▸ **WHAT IS EXPECTED**: From the line with "extrude(amount=BOSS_EXTRUDE1_DEPTH, both=True)" to the final line, print the records exactly as they are.

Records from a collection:
Segment Open
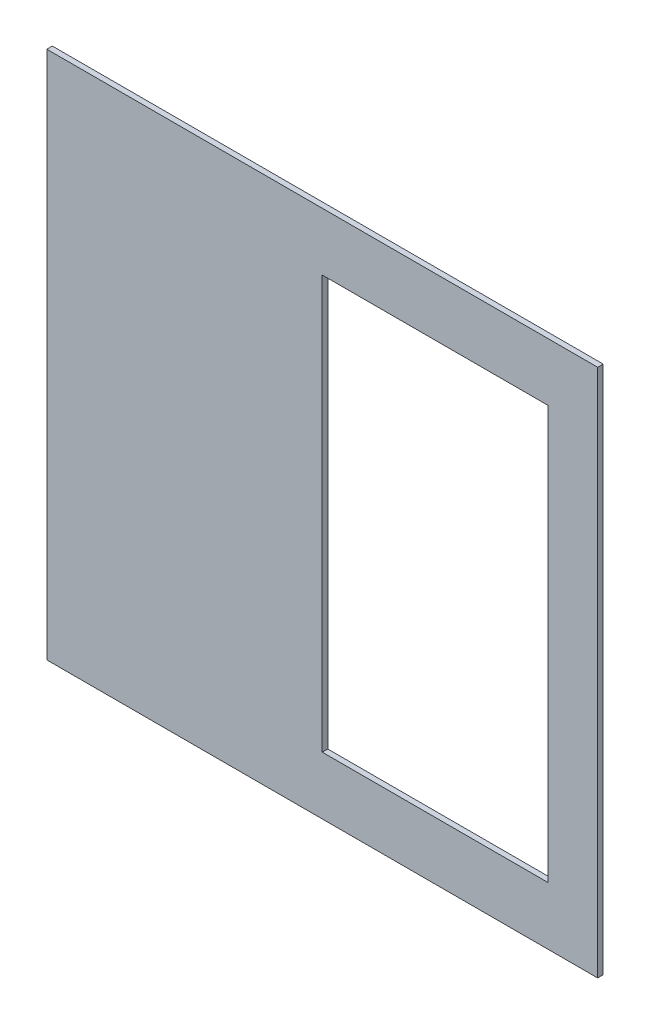
from build123d import *

# Parameters (mm, degrees)
SKETCH1_W           = 635
SKETCH1_H           = 609.6
BOSS_EXTRUDE1_DEPTH = 3.175
SKETCH2_W           = 260.35
SKETCH2_H           = 476.25
CUT_EXTRUDE1_DEPTH  = 441.169981371


with BuildPart() as part:
    # Sketch1 → Boss-Extrude1 (new, symmetric)
    with BuildSketch(Plane.XY):
        Rectangle(SKETCH1_W, SKETCH1_H)
    extrude(amount=BOSS_EXTRUDE1_DEPTH, both=True)

    # Sketch2 → Cut-Extrude1 (cut, through all)
    with BuildSketch(Plane.XY.offset(3.175)):
        with Locations((130.175, 0)):
            Rectangle(SKETCH2_W, SKETCH2_H)
    extrude(amount=-CUT_EXTRUDE1_DEPTH, mode=Mode.SUBTRACT)


solid = part.part
Segment Closed
▸ **ANSWER TO THE PROBLEM**:
    extrude(amount=BOSS_EXTRUDE1_DEPTH, both=True)

    # Sketch2 → Cut-Extrude1 (cut, through all)
    with BuildSketch(Plane.XY.offset(3.175)):
        with Locations((130.175, 0)):
            Rectangle(SKETCH2_W, SKETCH2_H)
    extrude(amount=-CUT_EXTRUDE1_DEPTH, mode=Mode.SUBTRACT)


solid = part.part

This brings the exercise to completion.